● **Work task**: Within the listing below, filter for "mechanical" and copy every matching line.

--- --- ---

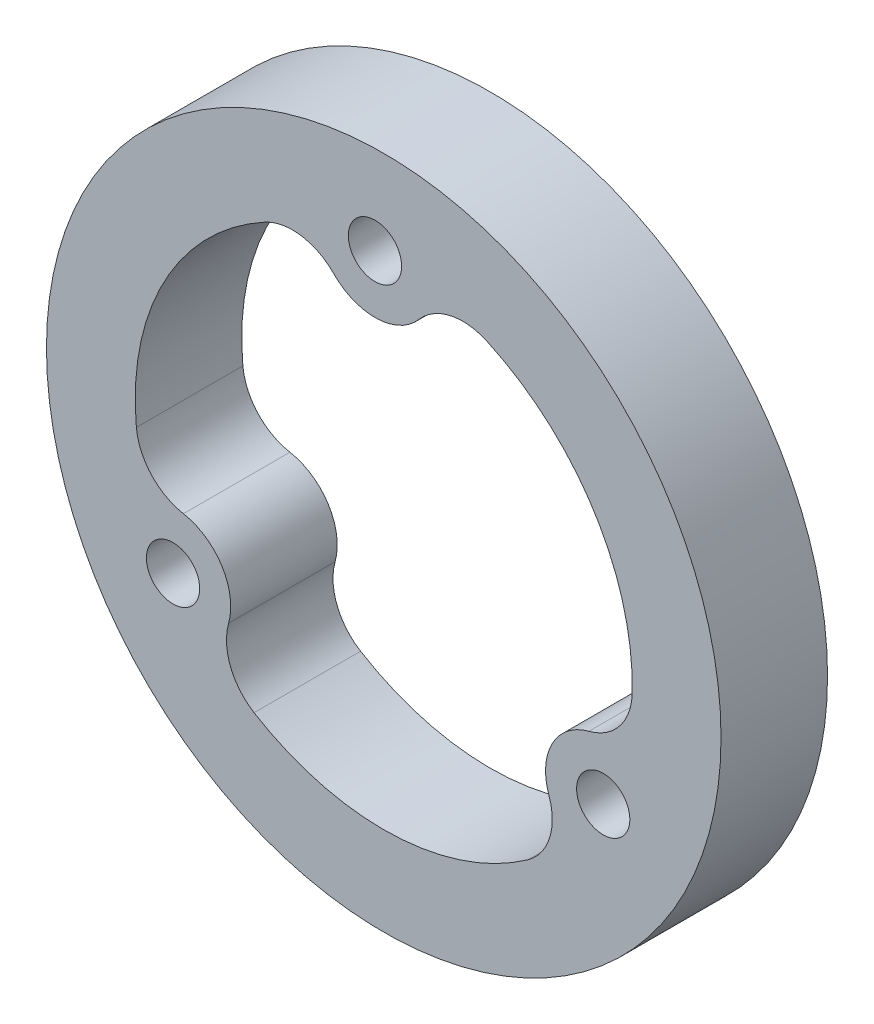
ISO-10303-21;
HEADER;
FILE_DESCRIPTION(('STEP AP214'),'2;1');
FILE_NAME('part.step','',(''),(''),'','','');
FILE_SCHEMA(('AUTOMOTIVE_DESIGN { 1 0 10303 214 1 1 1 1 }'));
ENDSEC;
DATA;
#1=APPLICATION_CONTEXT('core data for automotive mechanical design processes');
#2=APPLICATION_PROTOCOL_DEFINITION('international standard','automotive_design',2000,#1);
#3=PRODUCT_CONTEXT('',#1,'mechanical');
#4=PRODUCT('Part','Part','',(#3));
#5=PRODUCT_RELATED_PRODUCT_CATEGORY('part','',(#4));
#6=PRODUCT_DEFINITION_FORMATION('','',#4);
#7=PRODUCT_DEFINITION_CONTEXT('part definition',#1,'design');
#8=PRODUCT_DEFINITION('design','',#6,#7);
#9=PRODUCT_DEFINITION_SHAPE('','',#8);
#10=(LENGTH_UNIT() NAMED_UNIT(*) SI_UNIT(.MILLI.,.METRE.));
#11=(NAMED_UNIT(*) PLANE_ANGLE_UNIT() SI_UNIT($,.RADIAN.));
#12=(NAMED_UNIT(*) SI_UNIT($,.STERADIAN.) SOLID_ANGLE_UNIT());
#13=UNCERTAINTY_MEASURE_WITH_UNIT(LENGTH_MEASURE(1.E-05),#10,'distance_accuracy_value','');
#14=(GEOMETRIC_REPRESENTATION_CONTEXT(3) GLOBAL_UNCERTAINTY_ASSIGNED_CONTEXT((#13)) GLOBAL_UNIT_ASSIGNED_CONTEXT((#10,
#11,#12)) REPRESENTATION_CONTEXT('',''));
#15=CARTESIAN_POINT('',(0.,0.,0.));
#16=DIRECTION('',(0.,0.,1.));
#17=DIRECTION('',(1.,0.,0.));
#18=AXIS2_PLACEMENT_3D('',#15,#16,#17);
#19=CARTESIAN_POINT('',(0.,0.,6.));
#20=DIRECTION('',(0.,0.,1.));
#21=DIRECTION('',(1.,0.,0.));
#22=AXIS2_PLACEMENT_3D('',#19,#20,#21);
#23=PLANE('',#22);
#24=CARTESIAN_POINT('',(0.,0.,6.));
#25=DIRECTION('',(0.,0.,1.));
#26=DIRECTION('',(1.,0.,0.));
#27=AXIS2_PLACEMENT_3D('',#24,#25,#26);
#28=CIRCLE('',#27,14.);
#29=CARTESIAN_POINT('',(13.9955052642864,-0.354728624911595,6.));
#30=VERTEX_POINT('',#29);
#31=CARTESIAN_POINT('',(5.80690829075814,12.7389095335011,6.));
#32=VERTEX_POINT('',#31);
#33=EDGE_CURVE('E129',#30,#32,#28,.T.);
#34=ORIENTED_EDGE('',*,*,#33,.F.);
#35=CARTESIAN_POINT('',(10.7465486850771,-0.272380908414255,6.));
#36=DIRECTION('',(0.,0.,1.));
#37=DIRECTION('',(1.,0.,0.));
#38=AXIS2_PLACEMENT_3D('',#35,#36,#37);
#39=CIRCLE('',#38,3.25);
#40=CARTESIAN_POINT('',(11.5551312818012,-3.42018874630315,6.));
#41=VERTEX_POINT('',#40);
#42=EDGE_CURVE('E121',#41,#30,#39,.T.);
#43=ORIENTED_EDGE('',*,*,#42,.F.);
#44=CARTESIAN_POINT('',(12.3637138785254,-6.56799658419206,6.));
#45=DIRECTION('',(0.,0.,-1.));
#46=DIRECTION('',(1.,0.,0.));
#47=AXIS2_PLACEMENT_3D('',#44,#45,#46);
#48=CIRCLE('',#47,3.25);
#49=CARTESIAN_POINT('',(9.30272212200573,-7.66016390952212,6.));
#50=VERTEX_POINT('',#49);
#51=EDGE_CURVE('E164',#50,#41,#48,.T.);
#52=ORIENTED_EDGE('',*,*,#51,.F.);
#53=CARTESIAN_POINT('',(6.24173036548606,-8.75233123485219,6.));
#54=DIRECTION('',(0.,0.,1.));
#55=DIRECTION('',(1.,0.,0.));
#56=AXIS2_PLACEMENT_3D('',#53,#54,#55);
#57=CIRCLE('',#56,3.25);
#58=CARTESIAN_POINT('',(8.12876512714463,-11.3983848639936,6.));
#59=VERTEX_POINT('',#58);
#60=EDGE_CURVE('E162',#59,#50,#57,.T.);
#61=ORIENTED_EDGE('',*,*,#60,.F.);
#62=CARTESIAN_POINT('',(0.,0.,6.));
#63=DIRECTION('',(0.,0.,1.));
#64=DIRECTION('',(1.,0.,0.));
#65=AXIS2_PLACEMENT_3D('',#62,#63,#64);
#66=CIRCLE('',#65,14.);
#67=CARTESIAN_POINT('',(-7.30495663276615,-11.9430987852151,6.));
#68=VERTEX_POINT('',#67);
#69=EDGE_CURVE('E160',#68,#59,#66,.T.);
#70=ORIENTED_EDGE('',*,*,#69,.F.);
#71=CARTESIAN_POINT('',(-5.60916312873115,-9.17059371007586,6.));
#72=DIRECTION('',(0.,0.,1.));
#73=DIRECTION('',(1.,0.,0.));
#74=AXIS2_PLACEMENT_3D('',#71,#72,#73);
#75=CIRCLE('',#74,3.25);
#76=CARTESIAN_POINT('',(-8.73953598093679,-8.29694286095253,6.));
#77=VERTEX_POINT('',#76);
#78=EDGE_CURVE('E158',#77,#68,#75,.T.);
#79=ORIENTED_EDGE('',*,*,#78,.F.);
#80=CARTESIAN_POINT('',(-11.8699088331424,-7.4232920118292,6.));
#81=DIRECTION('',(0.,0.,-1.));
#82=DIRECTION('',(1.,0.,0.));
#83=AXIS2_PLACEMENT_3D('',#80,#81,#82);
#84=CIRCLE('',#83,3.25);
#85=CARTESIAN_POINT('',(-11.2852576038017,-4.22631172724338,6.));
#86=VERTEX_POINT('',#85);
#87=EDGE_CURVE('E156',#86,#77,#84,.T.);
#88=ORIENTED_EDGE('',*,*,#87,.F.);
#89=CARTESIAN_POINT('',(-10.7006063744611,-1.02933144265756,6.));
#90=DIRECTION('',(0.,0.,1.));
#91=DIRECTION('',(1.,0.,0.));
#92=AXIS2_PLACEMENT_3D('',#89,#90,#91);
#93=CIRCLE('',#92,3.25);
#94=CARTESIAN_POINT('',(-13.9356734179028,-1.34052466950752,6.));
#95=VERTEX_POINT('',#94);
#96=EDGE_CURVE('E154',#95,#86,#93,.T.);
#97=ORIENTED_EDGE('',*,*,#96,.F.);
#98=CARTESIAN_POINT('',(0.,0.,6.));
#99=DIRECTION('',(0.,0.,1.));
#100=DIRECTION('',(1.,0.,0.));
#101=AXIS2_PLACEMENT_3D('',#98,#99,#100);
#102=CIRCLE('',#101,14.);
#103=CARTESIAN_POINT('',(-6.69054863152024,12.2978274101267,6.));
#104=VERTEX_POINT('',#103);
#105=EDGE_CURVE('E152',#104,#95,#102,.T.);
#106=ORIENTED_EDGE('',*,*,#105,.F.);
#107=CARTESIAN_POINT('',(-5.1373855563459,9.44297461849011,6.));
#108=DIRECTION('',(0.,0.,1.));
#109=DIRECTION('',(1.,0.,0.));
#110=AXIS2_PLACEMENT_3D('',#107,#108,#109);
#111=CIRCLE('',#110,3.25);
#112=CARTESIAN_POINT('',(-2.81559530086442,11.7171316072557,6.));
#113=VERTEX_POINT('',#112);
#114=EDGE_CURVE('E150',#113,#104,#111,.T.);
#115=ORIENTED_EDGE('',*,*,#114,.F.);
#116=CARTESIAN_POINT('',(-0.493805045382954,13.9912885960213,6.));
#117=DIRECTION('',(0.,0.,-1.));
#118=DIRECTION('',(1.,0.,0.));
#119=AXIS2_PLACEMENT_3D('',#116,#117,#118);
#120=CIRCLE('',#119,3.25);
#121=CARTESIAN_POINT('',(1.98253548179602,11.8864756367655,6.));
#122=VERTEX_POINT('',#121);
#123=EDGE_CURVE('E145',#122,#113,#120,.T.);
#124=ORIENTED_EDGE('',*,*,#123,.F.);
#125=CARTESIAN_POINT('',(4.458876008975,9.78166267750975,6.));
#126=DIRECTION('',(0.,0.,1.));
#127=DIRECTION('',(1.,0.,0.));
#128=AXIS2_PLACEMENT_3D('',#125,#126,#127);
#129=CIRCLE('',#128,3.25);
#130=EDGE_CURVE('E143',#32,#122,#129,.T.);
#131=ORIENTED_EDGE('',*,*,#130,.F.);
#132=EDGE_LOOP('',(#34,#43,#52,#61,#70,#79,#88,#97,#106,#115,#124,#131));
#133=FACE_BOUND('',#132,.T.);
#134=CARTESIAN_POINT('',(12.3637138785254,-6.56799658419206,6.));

--- --- ---

● **Exercise answer**:
#1=APPLICATION_CONTEXT('core data for automotive mechanical design processes');
#3=PRODUCT_CONTEXT('',#1,'mechanical');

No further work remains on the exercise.